> Data for this exercise:
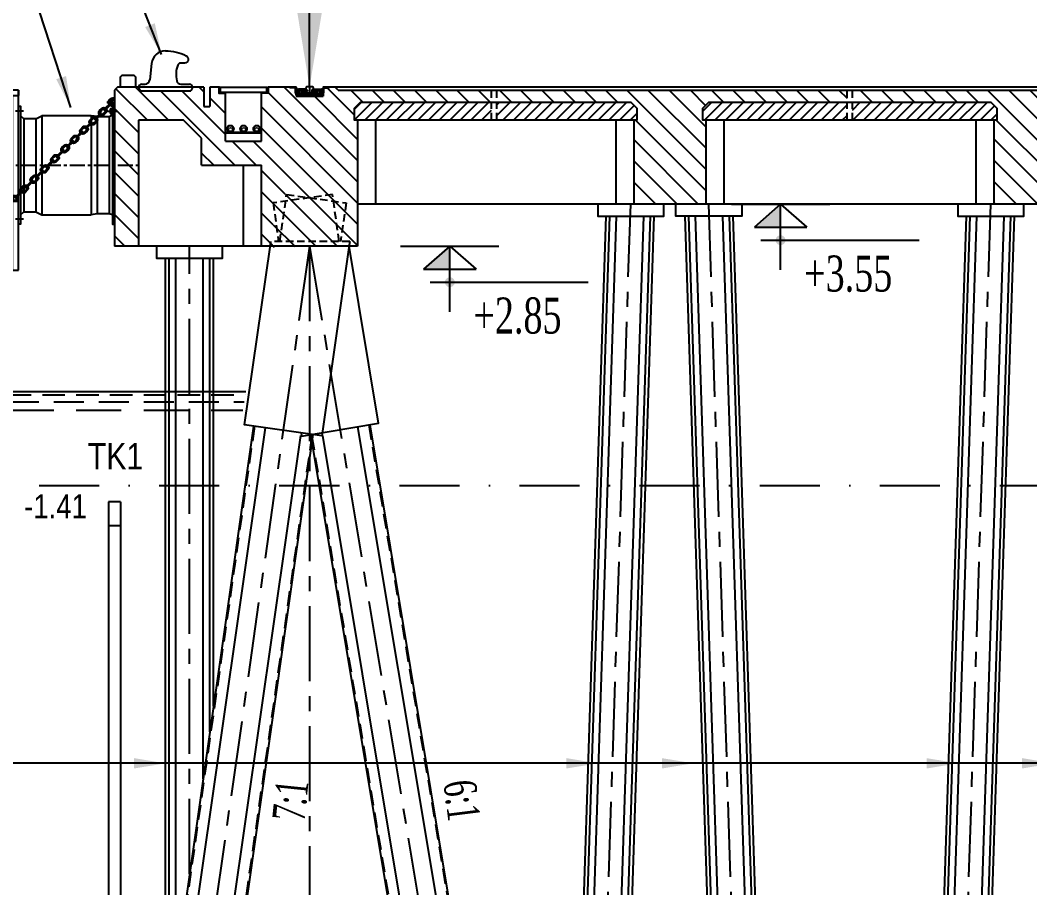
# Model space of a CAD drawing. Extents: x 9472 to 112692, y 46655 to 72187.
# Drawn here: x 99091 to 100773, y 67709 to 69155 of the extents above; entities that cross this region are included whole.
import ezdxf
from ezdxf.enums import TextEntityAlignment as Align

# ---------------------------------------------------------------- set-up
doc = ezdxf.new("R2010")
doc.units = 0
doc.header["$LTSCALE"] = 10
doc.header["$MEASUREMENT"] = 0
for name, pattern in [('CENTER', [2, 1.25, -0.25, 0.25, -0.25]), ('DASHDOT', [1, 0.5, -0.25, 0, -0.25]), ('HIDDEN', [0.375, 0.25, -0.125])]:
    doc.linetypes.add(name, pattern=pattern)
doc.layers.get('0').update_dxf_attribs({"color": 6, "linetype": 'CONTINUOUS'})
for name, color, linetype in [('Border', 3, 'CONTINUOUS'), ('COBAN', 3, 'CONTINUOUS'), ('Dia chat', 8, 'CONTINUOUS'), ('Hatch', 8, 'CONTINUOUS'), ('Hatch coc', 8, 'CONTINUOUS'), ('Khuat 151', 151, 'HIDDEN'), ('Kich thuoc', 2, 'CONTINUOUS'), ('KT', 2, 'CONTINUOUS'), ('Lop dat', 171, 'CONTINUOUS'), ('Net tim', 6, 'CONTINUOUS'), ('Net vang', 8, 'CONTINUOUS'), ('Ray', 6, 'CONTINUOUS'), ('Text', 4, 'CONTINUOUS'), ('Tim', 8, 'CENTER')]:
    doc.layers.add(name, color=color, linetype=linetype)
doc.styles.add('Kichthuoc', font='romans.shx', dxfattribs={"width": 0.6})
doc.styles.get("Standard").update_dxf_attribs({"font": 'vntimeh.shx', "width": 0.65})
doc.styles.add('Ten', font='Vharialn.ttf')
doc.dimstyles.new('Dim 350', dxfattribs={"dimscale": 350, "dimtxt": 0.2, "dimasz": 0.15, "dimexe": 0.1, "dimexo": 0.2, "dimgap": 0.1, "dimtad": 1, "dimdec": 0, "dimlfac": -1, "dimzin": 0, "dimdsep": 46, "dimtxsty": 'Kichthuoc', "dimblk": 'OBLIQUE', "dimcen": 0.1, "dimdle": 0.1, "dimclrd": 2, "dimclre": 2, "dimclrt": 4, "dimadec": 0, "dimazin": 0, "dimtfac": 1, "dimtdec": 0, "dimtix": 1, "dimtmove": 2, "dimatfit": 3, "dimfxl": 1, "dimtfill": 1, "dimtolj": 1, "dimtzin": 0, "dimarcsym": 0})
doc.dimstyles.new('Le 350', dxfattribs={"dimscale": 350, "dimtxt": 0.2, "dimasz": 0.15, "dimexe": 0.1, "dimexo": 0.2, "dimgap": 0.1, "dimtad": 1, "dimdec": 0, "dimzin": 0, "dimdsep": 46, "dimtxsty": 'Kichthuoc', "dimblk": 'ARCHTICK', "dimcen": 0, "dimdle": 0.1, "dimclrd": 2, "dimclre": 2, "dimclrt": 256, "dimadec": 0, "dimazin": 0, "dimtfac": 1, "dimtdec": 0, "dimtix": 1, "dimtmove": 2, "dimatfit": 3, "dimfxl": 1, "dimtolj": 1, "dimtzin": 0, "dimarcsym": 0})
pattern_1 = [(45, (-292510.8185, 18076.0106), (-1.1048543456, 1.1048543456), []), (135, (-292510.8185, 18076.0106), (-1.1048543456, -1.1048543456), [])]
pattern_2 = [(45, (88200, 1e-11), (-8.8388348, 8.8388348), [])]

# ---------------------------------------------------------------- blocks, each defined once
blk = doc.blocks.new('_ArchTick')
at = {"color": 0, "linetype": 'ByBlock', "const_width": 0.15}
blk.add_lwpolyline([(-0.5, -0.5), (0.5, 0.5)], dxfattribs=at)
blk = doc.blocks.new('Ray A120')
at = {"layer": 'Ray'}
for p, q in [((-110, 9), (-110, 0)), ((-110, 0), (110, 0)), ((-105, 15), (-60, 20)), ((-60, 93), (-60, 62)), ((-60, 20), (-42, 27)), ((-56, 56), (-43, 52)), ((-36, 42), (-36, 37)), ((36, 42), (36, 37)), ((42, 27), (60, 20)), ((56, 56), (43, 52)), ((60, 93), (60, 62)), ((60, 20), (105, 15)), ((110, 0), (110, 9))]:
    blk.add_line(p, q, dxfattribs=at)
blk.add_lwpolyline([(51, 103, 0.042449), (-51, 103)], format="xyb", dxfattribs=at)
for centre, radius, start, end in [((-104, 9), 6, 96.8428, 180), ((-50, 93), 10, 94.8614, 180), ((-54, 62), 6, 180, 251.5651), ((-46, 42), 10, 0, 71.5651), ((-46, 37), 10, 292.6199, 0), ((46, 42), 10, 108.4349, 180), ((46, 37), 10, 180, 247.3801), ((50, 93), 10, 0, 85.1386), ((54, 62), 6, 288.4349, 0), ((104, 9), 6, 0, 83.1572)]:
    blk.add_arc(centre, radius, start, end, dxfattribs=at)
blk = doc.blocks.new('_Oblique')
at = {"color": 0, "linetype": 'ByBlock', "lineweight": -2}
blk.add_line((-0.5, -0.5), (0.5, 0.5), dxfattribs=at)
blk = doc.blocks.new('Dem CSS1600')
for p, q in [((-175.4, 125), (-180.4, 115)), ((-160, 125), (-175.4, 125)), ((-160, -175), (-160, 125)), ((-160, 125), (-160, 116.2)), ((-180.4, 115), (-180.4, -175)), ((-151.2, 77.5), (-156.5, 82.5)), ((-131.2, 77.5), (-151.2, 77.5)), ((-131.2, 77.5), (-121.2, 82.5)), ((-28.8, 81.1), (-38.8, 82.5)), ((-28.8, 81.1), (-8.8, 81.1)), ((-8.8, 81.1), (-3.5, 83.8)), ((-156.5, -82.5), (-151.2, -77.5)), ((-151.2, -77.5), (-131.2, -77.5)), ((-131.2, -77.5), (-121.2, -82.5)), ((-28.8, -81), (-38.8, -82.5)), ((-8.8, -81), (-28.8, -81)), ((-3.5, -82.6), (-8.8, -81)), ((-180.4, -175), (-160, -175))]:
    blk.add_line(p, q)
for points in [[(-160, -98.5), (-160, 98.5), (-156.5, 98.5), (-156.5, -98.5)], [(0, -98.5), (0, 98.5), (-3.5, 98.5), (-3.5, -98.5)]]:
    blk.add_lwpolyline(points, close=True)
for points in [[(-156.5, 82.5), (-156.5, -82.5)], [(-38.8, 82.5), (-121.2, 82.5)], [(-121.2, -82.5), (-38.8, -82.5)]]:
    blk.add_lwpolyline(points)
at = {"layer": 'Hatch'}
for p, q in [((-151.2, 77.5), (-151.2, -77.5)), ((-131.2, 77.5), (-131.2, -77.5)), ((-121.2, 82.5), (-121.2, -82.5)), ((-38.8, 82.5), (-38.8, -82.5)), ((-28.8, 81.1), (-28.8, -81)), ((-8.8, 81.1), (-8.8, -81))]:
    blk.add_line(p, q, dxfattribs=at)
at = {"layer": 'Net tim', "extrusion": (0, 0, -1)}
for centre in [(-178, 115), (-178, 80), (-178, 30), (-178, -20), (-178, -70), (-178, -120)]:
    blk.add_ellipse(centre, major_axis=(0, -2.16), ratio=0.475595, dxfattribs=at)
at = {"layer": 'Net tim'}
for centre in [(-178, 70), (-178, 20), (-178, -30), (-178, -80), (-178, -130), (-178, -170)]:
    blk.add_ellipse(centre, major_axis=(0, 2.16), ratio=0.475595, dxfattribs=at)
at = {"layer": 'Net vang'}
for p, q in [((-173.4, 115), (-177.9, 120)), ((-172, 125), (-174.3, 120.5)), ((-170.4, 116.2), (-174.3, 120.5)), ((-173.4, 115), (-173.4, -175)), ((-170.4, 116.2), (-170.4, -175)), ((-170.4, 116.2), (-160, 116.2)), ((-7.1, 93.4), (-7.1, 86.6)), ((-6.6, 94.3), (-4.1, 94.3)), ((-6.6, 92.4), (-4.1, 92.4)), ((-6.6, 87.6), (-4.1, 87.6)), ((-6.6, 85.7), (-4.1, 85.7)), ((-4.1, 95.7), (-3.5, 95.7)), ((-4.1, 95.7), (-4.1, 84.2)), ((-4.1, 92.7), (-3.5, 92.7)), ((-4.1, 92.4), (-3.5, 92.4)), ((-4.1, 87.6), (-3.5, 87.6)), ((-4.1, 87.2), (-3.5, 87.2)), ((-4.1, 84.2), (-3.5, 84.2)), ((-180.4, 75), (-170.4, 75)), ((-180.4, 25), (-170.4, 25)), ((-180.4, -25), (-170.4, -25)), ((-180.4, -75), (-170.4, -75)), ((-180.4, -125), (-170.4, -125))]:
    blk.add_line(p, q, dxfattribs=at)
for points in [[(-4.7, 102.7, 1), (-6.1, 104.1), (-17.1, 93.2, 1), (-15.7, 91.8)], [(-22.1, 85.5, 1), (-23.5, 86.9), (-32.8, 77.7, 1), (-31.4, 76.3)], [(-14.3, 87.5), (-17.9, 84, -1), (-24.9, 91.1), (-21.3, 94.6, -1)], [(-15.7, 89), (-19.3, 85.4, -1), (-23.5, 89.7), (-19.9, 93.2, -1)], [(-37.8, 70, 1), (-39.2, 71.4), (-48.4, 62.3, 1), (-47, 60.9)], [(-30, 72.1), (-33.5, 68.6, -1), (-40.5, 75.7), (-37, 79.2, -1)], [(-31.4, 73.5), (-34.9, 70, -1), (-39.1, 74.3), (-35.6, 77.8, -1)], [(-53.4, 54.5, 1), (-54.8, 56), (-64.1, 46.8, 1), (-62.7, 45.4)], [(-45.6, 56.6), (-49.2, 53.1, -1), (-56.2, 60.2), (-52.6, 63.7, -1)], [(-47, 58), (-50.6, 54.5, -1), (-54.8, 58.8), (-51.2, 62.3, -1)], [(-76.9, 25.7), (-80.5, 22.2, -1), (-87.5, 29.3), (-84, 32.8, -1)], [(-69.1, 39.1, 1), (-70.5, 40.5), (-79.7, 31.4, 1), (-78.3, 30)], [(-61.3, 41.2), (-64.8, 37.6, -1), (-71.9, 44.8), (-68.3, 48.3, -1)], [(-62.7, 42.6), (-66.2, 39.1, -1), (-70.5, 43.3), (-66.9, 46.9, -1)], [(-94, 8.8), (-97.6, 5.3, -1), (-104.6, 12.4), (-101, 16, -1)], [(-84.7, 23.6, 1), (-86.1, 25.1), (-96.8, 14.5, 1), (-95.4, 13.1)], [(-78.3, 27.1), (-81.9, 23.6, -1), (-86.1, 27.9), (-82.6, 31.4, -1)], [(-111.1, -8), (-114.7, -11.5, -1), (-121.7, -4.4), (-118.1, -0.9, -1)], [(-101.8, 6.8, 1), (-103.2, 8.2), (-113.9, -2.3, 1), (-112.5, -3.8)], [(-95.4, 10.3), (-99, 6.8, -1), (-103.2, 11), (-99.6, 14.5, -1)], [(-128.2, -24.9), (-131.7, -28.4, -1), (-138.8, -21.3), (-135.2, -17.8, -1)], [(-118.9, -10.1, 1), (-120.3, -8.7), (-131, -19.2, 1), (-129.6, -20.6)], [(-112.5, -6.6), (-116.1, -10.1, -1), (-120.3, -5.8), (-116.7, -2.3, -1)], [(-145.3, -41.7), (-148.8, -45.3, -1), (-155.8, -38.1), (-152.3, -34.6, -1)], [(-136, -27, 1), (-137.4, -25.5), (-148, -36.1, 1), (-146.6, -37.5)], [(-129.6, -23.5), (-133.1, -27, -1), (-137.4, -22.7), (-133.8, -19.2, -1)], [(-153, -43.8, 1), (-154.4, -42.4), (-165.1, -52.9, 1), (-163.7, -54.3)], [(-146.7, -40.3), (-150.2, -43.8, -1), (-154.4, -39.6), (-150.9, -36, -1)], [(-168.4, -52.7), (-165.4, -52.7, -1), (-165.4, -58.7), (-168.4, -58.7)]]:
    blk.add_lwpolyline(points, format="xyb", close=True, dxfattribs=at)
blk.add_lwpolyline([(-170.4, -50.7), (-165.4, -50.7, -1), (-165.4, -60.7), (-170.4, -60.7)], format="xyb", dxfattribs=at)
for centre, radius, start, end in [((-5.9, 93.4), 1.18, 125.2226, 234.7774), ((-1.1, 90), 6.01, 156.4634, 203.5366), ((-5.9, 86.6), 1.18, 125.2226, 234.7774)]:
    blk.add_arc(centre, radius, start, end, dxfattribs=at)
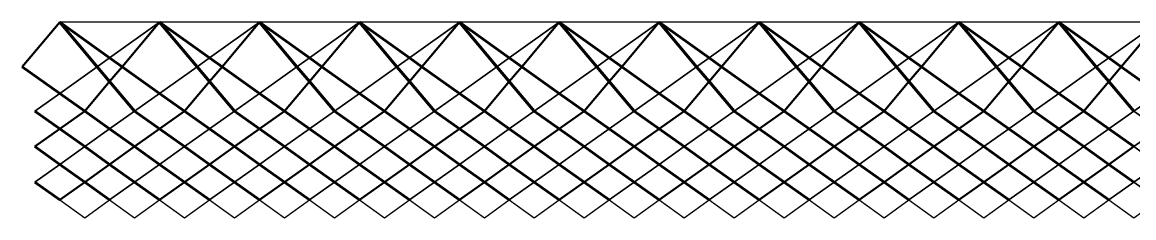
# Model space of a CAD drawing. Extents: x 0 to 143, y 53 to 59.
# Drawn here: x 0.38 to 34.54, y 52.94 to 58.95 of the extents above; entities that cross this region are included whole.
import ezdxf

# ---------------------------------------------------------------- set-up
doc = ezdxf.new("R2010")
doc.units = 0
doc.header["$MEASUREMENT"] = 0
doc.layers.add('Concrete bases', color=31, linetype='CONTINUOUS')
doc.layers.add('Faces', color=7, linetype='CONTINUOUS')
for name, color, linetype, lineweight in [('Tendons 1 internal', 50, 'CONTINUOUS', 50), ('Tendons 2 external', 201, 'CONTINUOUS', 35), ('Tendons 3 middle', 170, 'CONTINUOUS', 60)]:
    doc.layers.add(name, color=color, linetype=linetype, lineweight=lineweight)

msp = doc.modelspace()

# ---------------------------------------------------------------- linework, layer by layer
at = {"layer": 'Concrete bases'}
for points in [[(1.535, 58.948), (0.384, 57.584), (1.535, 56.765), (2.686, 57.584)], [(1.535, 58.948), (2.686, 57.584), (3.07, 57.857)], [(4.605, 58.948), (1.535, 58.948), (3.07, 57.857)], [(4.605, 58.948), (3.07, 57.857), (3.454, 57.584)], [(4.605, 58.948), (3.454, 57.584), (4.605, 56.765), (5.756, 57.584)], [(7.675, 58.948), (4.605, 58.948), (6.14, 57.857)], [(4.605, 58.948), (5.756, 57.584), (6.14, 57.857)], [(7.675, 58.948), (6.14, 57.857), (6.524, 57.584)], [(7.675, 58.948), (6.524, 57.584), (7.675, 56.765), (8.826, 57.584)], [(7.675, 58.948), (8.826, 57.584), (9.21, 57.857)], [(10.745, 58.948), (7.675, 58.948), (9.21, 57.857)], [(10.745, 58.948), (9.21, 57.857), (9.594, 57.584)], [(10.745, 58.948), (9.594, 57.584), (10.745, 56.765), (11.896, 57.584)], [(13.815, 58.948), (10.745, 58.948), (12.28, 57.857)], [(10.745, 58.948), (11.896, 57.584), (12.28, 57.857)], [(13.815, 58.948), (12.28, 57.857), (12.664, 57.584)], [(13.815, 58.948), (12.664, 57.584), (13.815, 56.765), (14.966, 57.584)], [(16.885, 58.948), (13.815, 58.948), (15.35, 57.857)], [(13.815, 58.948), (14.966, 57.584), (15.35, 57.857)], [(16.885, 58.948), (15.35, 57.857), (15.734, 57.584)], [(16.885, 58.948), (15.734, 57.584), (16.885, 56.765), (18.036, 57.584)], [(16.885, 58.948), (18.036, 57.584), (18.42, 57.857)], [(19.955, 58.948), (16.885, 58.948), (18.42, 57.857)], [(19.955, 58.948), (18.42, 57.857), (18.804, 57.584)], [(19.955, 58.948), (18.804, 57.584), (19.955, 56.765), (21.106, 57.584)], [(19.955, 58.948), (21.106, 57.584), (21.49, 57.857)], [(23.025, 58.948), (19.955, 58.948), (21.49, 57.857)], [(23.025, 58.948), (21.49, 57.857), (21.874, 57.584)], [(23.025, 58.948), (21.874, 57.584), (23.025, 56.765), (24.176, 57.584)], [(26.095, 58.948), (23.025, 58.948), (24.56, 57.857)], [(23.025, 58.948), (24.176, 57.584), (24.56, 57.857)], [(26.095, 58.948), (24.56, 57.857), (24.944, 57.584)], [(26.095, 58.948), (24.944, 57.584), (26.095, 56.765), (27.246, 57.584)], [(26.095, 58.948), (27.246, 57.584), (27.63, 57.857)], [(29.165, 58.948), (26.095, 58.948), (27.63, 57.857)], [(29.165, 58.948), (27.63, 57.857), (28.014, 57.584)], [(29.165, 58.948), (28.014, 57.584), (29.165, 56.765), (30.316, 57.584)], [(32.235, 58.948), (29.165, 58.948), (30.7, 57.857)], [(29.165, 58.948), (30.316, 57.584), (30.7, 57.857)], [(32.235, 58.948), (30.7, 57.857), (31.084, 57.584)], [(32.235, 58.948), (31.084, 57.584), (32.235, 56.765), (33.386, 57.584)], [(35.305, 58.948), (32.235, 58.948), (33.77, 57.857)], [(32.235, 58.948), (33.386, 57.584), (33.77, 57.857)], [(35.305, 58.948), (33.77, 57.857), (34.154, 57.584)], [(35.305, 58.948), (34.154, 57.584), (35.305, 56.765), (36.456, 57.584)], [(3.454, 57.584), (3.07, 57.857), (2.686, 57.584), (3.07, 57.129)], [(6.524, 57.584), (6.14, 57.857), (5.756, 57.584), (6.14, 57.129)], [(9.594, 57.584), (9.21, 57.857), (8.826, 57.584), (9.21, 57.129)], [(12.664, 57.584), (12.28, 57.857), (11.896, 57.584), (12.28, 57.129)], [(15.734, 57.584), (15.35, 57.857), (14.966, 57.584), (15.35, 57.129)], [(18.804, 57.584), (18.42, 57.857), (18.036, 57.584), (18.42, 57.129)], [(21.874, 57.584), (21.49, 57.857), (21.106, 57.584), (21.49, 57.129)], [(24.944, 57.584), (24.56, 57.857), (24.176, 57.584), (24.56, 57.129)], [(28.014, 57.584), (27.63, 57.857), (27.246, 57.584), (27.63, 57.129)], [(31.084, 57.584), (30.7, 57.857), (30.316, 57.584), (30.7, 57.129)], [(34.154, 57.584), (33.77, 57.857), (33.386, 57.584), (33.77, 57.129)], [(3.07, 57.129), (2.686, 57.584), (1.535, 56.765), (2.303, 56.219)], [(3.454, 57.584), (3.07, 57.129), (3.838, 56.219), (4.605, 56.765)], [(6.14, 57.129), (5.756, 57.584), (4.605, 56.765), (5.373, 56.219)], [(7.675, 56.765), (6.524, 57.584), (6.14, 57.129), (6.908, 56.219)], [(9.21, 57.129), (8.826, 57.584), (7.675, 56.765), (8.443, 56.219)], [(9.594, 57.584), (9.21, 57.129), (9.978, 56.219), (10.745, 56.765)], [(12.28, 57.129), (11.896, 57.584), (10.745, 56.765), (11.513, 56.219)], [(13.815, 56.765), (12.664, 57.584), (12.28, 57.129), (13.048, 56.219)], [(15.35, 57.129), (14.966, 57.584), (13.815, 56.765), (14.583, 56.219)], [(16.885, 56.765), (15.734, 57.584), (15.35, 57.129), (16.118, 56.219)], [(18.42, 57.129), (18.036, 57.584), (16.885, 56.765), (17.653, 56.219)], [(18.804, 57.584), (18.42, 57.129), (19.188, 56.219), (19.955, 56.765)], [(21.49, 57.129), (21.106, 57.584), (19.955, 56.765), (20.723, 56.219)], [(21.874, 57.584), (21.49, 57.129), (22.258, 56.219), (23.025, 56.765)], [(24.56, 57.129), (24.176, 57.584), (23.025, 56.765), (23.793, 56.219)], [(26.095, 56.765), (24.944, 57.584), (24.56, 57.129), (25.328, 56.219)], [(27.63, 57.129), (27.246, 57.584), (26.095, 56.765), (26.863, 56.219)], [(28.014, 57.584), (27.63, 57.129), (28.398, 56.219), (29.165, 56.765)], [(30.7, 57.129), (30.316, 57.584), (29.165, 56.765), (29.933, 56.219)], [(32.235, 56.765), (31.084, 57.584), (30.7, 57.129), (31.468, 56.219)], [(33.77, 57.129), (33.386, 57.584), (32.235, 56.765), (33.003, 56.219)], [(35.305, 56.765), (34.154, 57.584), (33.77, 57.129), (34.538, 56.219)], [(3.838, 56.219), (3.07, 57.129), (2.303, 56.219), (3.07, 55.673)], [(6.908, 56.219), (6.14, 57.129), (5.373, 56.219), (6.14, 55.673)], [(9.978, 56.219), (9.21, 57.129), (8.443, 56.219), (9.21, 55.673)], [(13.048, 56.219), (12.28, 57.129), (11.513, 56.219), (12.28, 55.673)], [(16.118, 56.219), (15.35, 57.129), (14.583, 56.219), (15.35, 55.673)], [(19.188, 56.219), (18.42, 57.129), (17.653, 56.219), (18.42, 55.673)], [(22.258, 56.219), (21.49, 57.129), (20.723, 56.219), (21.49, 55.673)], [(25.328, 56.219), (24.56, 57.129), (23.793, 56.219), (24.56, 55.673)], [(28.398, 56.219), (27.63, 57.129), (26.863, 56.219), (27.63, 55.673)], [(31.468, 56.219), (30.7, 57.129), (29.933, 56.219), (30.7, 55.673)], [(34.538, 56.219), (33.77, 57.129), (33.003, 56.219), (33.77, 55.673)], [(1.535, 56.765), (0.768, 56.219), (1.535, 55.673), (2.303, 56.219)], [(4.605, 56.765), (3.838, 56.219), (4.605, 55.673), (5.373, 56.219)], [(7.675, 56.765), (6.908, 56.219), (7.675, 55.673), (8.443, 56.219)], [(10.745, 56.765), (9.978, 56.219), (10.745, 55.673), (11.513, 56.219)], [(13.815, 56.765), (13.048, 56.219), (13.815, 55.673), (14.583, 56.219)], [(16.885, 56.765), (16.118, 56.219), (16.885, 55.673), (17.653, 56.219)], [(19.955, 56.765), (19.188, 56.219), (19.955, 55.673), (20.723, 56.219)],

> How to complete this task: Could you state how many lines of the entries contain the word "cross"? Only the number is wanted.

> The answer: 2